2009-06-28 Thread Devin Meade 
FYI If you need to re-home the servers, you will need to TCP port the
clients are using.  From my fading memory it could be 8080 or 8090 as
the defaults.  It depends on the TM version, I think.
-Devin

On Sun, Jun 28, 2009 at 11:07 PM, Devin Meade wrote:
> There might be a group policy installing this.  Maybe the option to
> "uninstall the software if it falls out of the scope of management"
> was checked on, if so disable the GPO, force a policy update and
> reboot them.
>
> Could it be that the clients are homed to a server that is no more?
> If so, you may be able to re-home them to the existing and working
> server, then uninstall.  Look for a move operation under the client
> management piece.
>
> If you have the TMVS running, then you could identify the machines and
> write a quick startup script (with a "if computername==xxx" to
> uninstall them - I don't have the cmd line for that, sorry.
>
> Hopefully you are now done with this... :-)
>
> hth, Devin
>
> On Sun, Jun 28, 2009 at 5:06 PM, aci wrote:
>> Thank you for your replies.
>>
>> Unfortunately, the domain has SAV version 10.1.8. I do not see any options 
>> for removing T/M in there, but of course, I could have missed it.
>>
>> As for the T/M web console, when I am in it, the desktops group is 
>> completely empty. That is why I say I am not sure how the installations were 
>> done. For all I know, he went out and did them manually because he thought 
>> better to have something on the workstation that nothing...
>>
>> I was able to do a scan of the network using the TM vulnerability scanner. 
>> It was able to find all of the workstations, T/M managed or otherwise...) 
>> but I did not see any way to remove clients because they, themselves were 
>> not listed in the web console. I don't know how to refresh the console to 
>> see what is actually installed. If I were able to do that, perhaps I would 
>> be able to right click on them and uninstall the client as suggested.
>>
>> and ideas???
>>
>> TIA
>> ~ Finally, powerful endpoint security that ISN'T a resource hog! ~
>> ~   ~
>>
>
>
>
> --
> Devin
>



-- 
Devin

~ Finally, powerful endpoint security that ISN'T a resource hog! ~
~   ~

Re: Trend Micro Client Outbreak - Need to remove it from Domain ...fast

2009-06-28 Thread Devin Meade 
There might be a group policy installing this.  Maybe the option to
"uninstall the software if it falls out of the scope of management"
was checked on, if so disable the GPO, force a policy update and
reboot them.

Could it be that the clients are homed to a server that is no more?
If so, you may be able to re-home them to the existing and working
server, then uninstall.  Look for a move operation under the client
management piece.

If you have the TMVS running, then you could identify the machines and
write a quick startup script (with a "if computername==xxx" to
uninstall them - I don't have the cmd line for that, sorry.
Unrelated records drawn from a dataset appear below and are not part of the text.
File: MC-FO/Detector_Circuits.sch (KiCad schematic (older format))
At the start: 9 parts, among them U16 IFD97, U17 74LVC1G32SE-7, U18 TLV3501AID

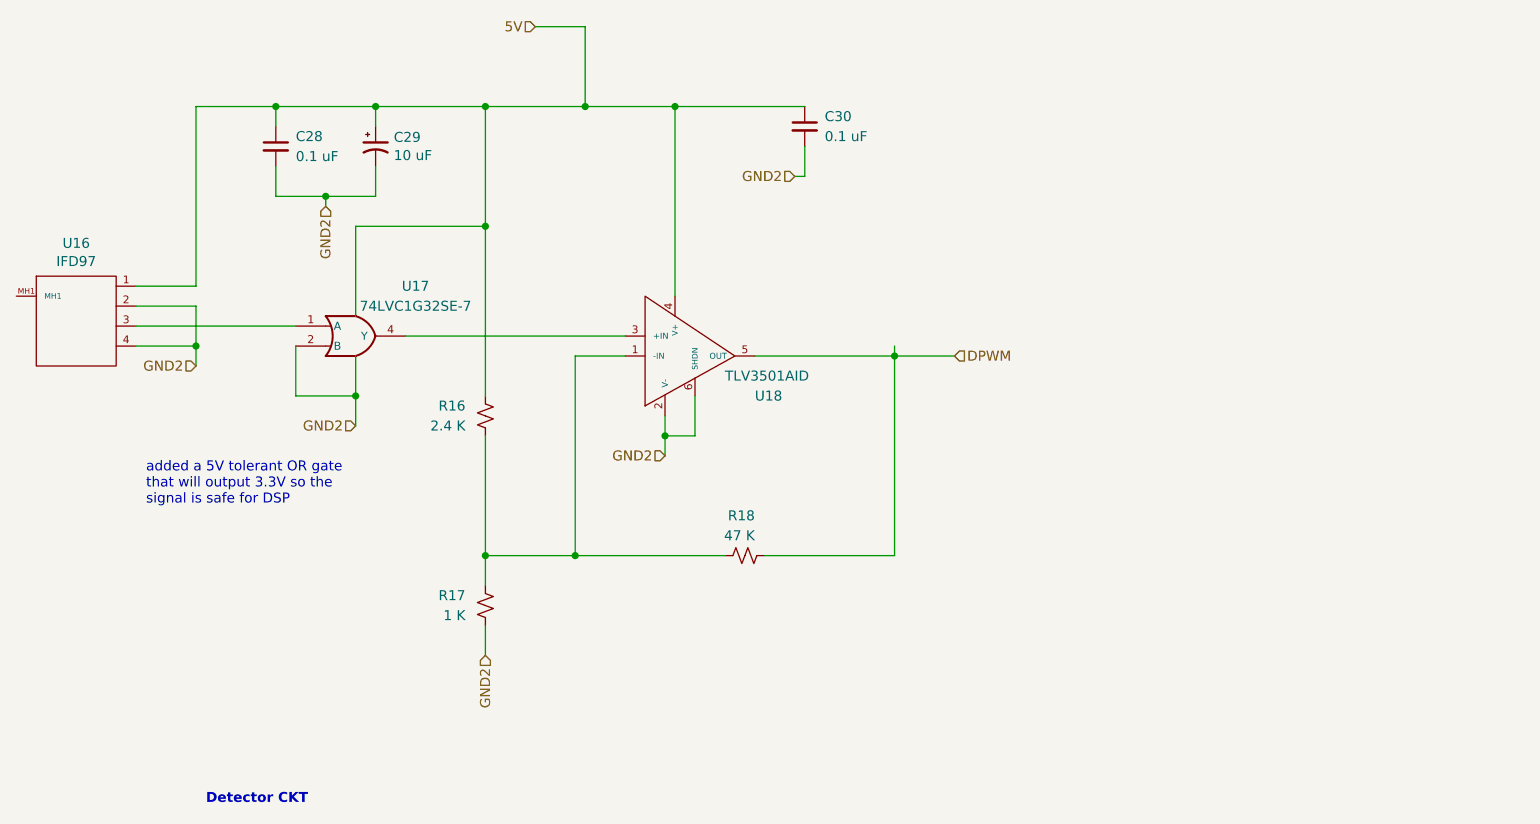
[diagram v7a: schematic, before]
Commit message: unpopulated cap after voltage regulators
and changed reference designator numbering scheme
and moved the or gate that sends 3.3 V to comparator in detector ckt
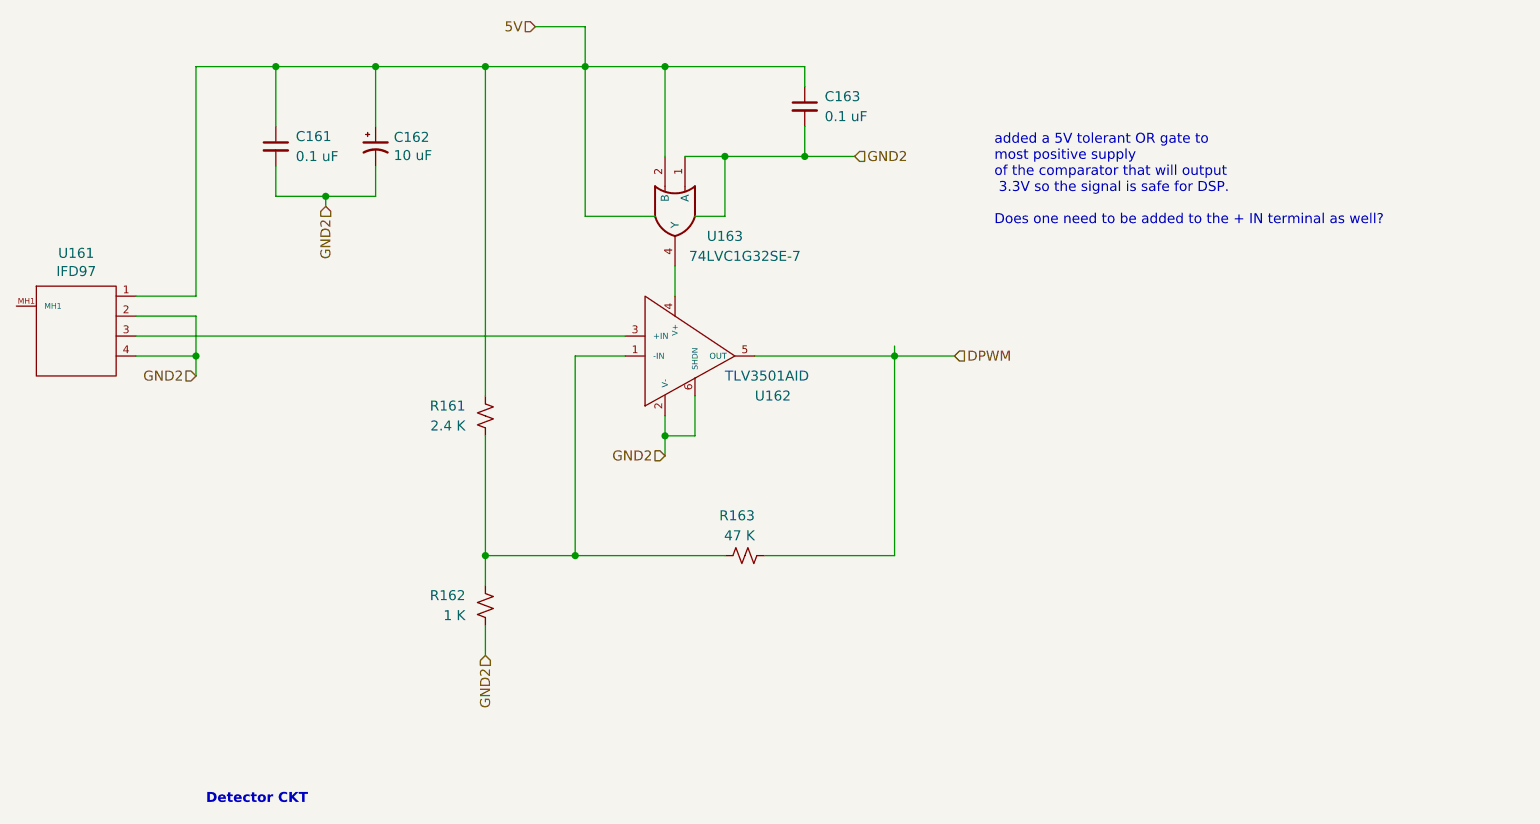
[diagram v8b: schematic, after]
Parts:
- removed U17: 74LVC1G32SE-7, Package_TO_SOT_SMD:SOT-353_SC-70-5_Handsoldering, symbol Existing_IC_Models:74LVC1G32SE-7
- added U143: 74LVC1G32SE-7, Package_TO_SOT_SMD:SOT-353_SC-70-5, symbol Existing_IC_Models:74LVC1G32SE-7
- renumbered C28 to C141, C29 to C142, C30 to C143, R16 to R141, R17 to R142, R18 to R143, U16 to U141, U18 to U142
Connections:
- net GND: now also C141.1, C142.1, C143.1, R141.2, U141.1, U143.2 (B), U143.3 (GND); no longer C141.2, C142.2, C143.2, R142.1, U141.2, U141.4, U142.2 (V-), U142.6 (SHDN)
- net VCC: now also C141.2, C142.2, C143.2, R142.1, U141.2, U141.4, U142.2 (V-), U142.6 (SHDN), U143.1 (A), U143.5 (VCC); no longer C141.1, C142.1, C143.1, R141.2, U141.1, U142.4 (V+)
- net at U142.3 (+IN): now also U141.3
- new net: U142.4 (V+), U143.4 (Y)
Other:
- note added: "added a 5V tolerant OR gate to \nmost positive supply\nof the comparator that will output\n 3.3V so the signal is safe for DSP.\n\nDoes one need to be added to the + IN terminal as well?"
- note removed: "added a 5V tolerant OR gate\nthat will output 3.3V so the\nsignal is safe for DSP"
- moved on the sheet: C163, U161
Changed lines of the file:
@@
 $Descr A4 11693 8268
 encoding utf-8
-Sheet 9 11
+Sheet 8 11
 Title ""
 Date ""
@@
 Detector CKT
 $Comp
-L Device:C_Small C30
+L Device:C_Small C143
 U 1 1 6178E7F5
-P 7350 2500
-AR Path="/6171C819/6178E7F5" Ref="C30"  Part="1"
-AR Path="/61724A08/6178E7F5" Ref="C27"  Part="1"
-F 0 "C30" H 7450 2550 50  0000 L CNN
-F 1 "0.1 uF" H 7450 2450 50  0000 L CNN
-F 2 "Capacitor_SMD:C_0603_1608Metric" H 7350 2500 50  0001 C CNN
-F 3 "~" H 7350 2500 50  0001 C CNN
-	1    7350 2500
-	1    0    0    -1
-$EndComp
-$Comp
-L Device:C_Small C28
+P 7350 2400
+AR Path="/6171C819/6178E7F5" Ref="C143"  Part="1"
+AR Path="/61724A08/6178E7F5" Ref="C163"  Part="1"
+F 0 "C163" H 7450 2450 50  0000 L CNN
+F 1 "0.1 uF" H 7450 2350 50  0000 L CNN
+F 2 "Capacitor_SMD:C_0603_1608Metric" H 7350 2400 50  0001 C CNN
+F 3 "~" H 7350 2400 50  0001 C CNN
+	1    7350 2400
+	1    0    0    -1
+$EndComp
+$Comp
+L Device:C_Small C141
 U 1 1 6178E7F6
 P 4700 2600
-AR Path="/6171C819/6178E7F6" Ref="C28"  Part="1"
-AR Path="/61724A08/6178E7F6" Ref="C25"  Part="1"
-F 0 "C28" H 4800 2650 50  0000 L CNN
+AR Path="/6171C819/6178E7F6" Ref="C141"  Part="1"
+AR Path="/61724A08/6178E7F6" Ref="C161"  Part="1"
+F 0 "C161" H 4800 2650 50  0000 L CNN
 F 1 "0.1 uF" H 4800 2550 50  0000 L CNN
 F 2 "Capacitor_SMD:C_0603_1608Metric" H 4700 2600 50  0001 C CNN
@@
 $EndComp
 $Comp
-L Device:R_Small_US R16
+L Device:R_Small_US R141
 U 1 1 6174EB5A
 P 5750 3950
-AR Path="/6171C819/6174EB5A" Ref="R16"  Part="1"
-AR Path="/61724A08/6174EB5A" Ref="R13"  Part="1"
-F 0 "R16" H 5850 3900 50  0000 L CNN
+AR Path="/6171C819/6174EB5A" Ref="R141"  Part="1"
+AR Path="/61724A08/6174EB5A" Ref="R161"  Part="1"
+F 0 "R161" H 5850 3900 50  0000 L CNN
 F 1 "2.4 K" H 5850 4000 50  0000 L CNN
 F 2 "Resistor_SMD:R_0603_1608Metric" H 5750 3950 50  0001 C CNN
@@
 $EndComp
 $Comp
-L Device:CP1_Small C29
+L Device:CP1_Small C142
 U 1 1 61720E6A
 P 5200 2600
-AR Path="/6171C819/61720E6A" Ref="C29"  Part="1"
-AR Path="/61724A08/61720E6A" Ref="C26"  Part="1"
-F 0 "C29" H 5291 2646 50  0000 L CNN
+AR Path="/6171C819/61720E6A" Ref="C142"  Part="1"
+AR Path="/61724A08/61720E6A" Ref="C162"  Part="1"
+F 0 "C162" H 5291 2646 50  0000 L CNN
 F 1 "10 uF" H 5291 2555 50  0000 L CNN
 F 2 "Capacitor_SMD:C_0603_1608Metric" H 5200 2600 50  0001 C CNN
@@
 	5200 2850 5200 2700
 Wire Wire Line
-	5200 2500 5200 2400
-Connection ~ 5200 2400
-Wire Wire Line
-	4700 2500 4700 2400
-Wire Wire Line
-	4700 2400 5200 2400
+	5200 2500 5200 2200
+Connection ~ 5200 2200
+Wire Wire Line
+	4700 2500 4700 2200
+Wire Wire Line
+	4700 2200 5200 2200
 Wire Wire Line
 	4700 2850 4700 2700
 $Comp
-L Device:R_Small_US R17
+L Device:R_Small_US R142
 U 1 1 617451F8
 P 5750 4900
-AR Path="/6171C819/617451F8" Ref="R17"  Part="1"
-AR Path="/61724A08/617451F8" Ref="R14"  Part="1"
-F 0 "R17" H 5850 4850 50  0000 L CNN
+AR Path="/6171C819/617451F8" Ref="R142"  Part="1"
+AR Path="/61724A08/617451F8" Ref="R162"  Part="1"
+F 0 "R162" H 5850 4850 50  0000 L CNN
 F 1 "1 K" H 5850 4950 50  0000 L CNN
 F 2 "Resistor_SMD:R_0603_1608Metric" H 5750 4900 50  0001 C CNN
@@
 $EndComp
 $Comp
-L Device:R_Small_US R18
+L Device:R_Small_US R143
 U 1 1 61745A42
 P 7050 4650
-AR Path="/6171C819/61745A42" Ref="R18"  Part="1"
-AR Path="/61724A08/61745A42" Ref="R15"  Part="1"
-F 0 "R18" V 7250 4600 50  0000 L CNN
+AR Path="/6171C819/61745A42" Ref="R143"  Part="1"
+AR Path="/61724A08/61745A42" Ref="R163"  Part="1"
+F 0 "R163" V 7250 4600 50  0000 L CNN
 F 1 "47 K" V 7150 4600 50  0000 L CNN
 F 2 "Resistor_SMD:R_0603_1608Metric" H 7050 4650 50  0001 C CNN
@@
 Connection ~ 5750 4650
 Wire Wire Line
-	5750 2400 5750 3000
-Wire Wire Line
-	5200 2400 5750 2400
-Connection ~ 5750 2400
-Wire Wire Line
-	5750 2400 6250 2400
-Wire Wire Line
-	7350 2600 7350 2750
-Wire Wire Line
-	4700 2400 4300 2400
-Wire Wire Line
-	4300 3300 4000 3300
-Connection ~ 4700 2400
-Wire Wire Line
-	4000 3400 4300 3400
-Wire Wire Line
-	4300 3400 4300 3600
-Wire Wire Line
-	4300 3600 4000 3600
-Connection ~ 4300 3600
-Wire Wire Line
-	4300 3600 4300 3700
-Wire Wire Line
-	4300 2400 4300 3300
+	5200 2200 5750 2200
+Connection ~ 5750 2200
+Wire Wire Line
+	5750 2200 6250 2200
+Wire Wire Line
+	4700 2200 4300 2200
+Wire Wire Line
+	4300 3350 4000 3350
+Connection ~ 4700 2200
+Wire Wire Line
+	4000 3450 4300 3450
+Wire Wire Line
+	4300 3450 4300 3650
+Wire Wire Line
+	4300 3650 4000 3650
+Connection ~ 4300 3650
+Wire Wire Line
+	4300 3650 4300 3750
+Wire Wire Line
+	4300 2200 4300 3350
 Wire Wire Line
 	6000 2000 6250 2000
 Wire Wire Line
-	6250 2000 6250 2400
-Connection ~ 6250 2400
-Wire Wire Line
-	6250 2400 6700 2400
-Wire Wire Line
-	6700 3350 6700 2400
-Connection ~ 6700 2400
-Wire Wire Line
-	6700 2400 7350 2400
+	6250 2000 6250 2200
+Connection ~ 6250 2200
+Wire Wire Line
+	6700 3350 6700 3200
 Connection ~ 6200 4650
 Wire Wire Line
@@
 	7100 3650 7800 3650
 $Comp
-L Existing_IC_Models:IFD97 U16
+L Existing_IC_Models:IFD97 U141
 U 1 1 61758365
-P 3700 3900
-AR Path="/6171C819/61758365" Ref="U16"  Part="1"
-AR Path="/61724A08/61758365" Ref="U13"  Part="1"
-F 0 "U16" H 3700 4715 50  0000 C CNN
-F 1 "IFD97" H 3700 4624 50  0000 C CNN
-F 2 "Footprints_MC-FO:IFD97" H 3700 4700 50  0001 C CNN
-F 3 "" H 3700 4700 50  0001 C CNN
-	1    3700 3900
+P 3700 3950
+AR Path="/6171C819/61758365" Ref="U141"  Part="1"
+AR Path="/61724A08/61758365" Ref="U161"  Part="1"
+F 0 "U161" H 3700 4765 50  0000 C CNN
+F 1 "IFD97" H 3700 4674 50  0000 C CNN
+F 2 "Footprints_MC-FO:IFD97" H 3700 4750 50  0001 C CNN
+F 3 "" H 3700 4750 50  0001 C CNN
+	1    3700 3950
 	1    0    0    -1
 $EndComp
@@
 5V
 $Comp
-L Existing_IC_Models:TLV3501AID U18
+L Existing_IC_Models:TLV3501AID U142
 U 1 1 61744BAA
 P 6600 3950
-AR Path="/6171C819/61744BAA" Ref="U18"  Part="1"
-AR Path="/61724A08/61744BAA" Ref="U15"  Part="1"
-F 0 "U18" H 7100 3850 50  0000 L CNN
+AR Path="/6171C819/61744BAA" Ref="U142"  Part="1"
+AR Path="/61724A08/61744BAA" Ref="U162"  Part="1"
+F 0 "U162" H 7100 3850 50  0000 L CNN
 F 1 "TLV3501AID" H 6950 3750 50  0000 L CNN
 F 2 "Package_SO:SOIC-8_3.9x4.9mm_P1.27mm" H 6600 3950 50  0001 C CNN
@@
 Text HLabel 5750 5150 3    50   Input ~ 0
 GND2
-$Comp
-L Existing_IC_Models:74LVC1G32SE-7 U17
-U 1 1 6177D138
-P 5100 3550
-AR Path="/6171C819/6177D138" Ref="U17"  Part="1"
-AR Path="/61724A08/6177D138" Ref="U14"  Part="1"
-F 0 "U17" H 5400 3800 50  0000 C CNN
-F 1 "74LVC1G32SE-7" H 5400 3700 50  0000 C CNN
-F 2 "Package_TO_SOT_SMD:SOT-353_SC-70-5_Handsoldering" H 5100 3550 50  0001 C CNN
-F 3 "http://www.ti.com/lit/sg/scyt129e/scyt129e.pdf" H 5100 3550 50  0001 C CNN
-	1    5100 3550
-	1    0    0    -1
-$EndComp
-Wire Wire Line
-	4000 3500 4800 3500
-Wire Wire Line
-	5100 3650 5100 3850
-Wire Wire Line
-	5100 3850 4800 3850
-Wire Wire Line
-	4800 3850 4800 3600
-Wire Wire Line
-	5100 3850 5100 4000
-Connection ~ 5100 3850
-Text HLabel 5100 4000 0    50   Input ~ 0
-GND2
-Wire Wire Line
-	5350 3550 6450 3550
 Text HLabel 6650 4150 0    50   Input ~ 0
 GND2
-Wire Wire Line
-	5750 3000 5100 3000
-Wire Wire Line
-	5100 3000 5100 3450
-Connection ~ 5750 3000
-Wire Wire Line
-	5750 3000 5750 3850
 Text HLabel 4950 2900 3    50   Input ~ 0
 GND2
-Text HLabel 4300 3700 0    50   Input ~ 0
-GND2
-Text HLabel 7300 2750 0    50   Input ~ 0
-GND2
-Wire Wire Line
-	7300 2750 7350 2750
-Text Notes 4050 4400 0    50   ~ 0
-added a 5V tolerant OR gate\nthat will output 3.3V so the\nsignal is safe for DSP
+Text HLabel 4300 3750 0    50   Input ~ 0
+GND2
+Text HLabel 7600 2650 2    50   Input ~ 0
+GND2
+Text Notes 8300 3000 0    50   ~ 0
+added a 5V tolerant OR gate to \nmost positive supply\nof the comparator that will output\n 3.3V so the signal is safe for DSP.\n\nDoes one need to be added to the + IN terminal as well?
 Wire Wire Line
 	4700 2850 4950 2850
@@
 Wire Wire Line
 	4950 2850 5200 2850
+$Comp
+L Existing_IC_Models:74LVC1G32SE-7 U143
+U 1 1 617F3635
+P 6700 2950
+AR Path="/6171C819/617F3635" Ref="U143"  Part="1"
+AR Path="/61724A08/617F3635" Ref="U163"  Part="1"
+F 0 "U163" V 6800 3200 50  0000 C CNN
+F 1 "74LVC1G32SE-7" V 6900 3300 50  0000 C CNN
+F 2 "Package_TO_SOT_SMD:SOT-353_SC-70-5" H 6700 2950 50  0001 C CNN
+F 3 "http://www.ti.com/lit/sg/scyt129e/scyt129e.pdf" H 6700 2950 50  0001 C CNN
+	1    6700 2950
+	0    1    1    0
+$EndComp
+Wire Wire Line
+	6250 2200 6650 2200
+Wire Wire Line
+	6650 2200 6650 2650
+Connection ~ 6650 2200
+Wire Wire Line
+	6650 2200 7350 2200
+Wire Wire Line
+	6600 2950 6250 2950
+Wire Wire Line
+	6250 2950 6250 2200
+Wire Wire Line
+	6750 2650 6950 2650
+Wire Wire Line
+	6800 2950 6950 2950
+Wire Wire Line
+	6950 2950 6950 2650
+Connection ~ 6950 2650
+Wire Wire Line
+	6950 2650 7350 2650
+Wire Wire Line
+	7350 2500 7350 2650
+Wire Wire Line
+	7350 2200 7350 2300
+Wire Wire Line
+	7350 2650 7600 2650
+Connection ~ 7350 2650
+Wire Wire Line
+	5750 2200 5750 3850
+Wire Wire Line
+	4000 3550 6450 3550
 $EndSCHEMATC

Hopefully you are now done with this... :-)

hth, Devin

On Sun, Jun 28, 2009 at 5:06 PM, aci wrote:
> Thank you for your replies.
>
> Unfortunately, the domain has SAV version 10.1.8. I do not see any options 
> for removing T/M in there, but of course, I could have missed it.
>
> As for the T/M web console, when I am in it, the desktops group is completely 
> empty. That is why I say I am not sure how the installations were done. For 
> all I know, he went out and did them manually because he thought better to 
> have something on the workstation that nothing...
>
> I was able to do a scan of the network using the TM vulnerability scanner. It 
> was able to find all of the workstations, T/M managed or otherwise...) but I 
> did not see any way to remove clients because they, themselves were not 
> listed in the web console. I don't know how to refresh the console to see 
> what is actually installed. If I were able to do that, perhaps I would be 
> able to right click on them and uninstall the client as suggested.
>
> and ideas???
>
> TIA
> ~ Finally, powerful endpoint security that ISN'T a resource hog! ~
> ~   ~
>



-- 
Devin

~ Finally, powerful endpoint security that ISN'T a resource hog! ~
~   ~

RE: Trend Micro Client Outbreak - Need to remove it from Domain ...fast

2009-06-28 Thread aci 
Thank you for your replies.

Unfortunately, the domain has SAV version 10.1.8. I do not see any options for 
removing T/M in there, but of course, I could have missed it.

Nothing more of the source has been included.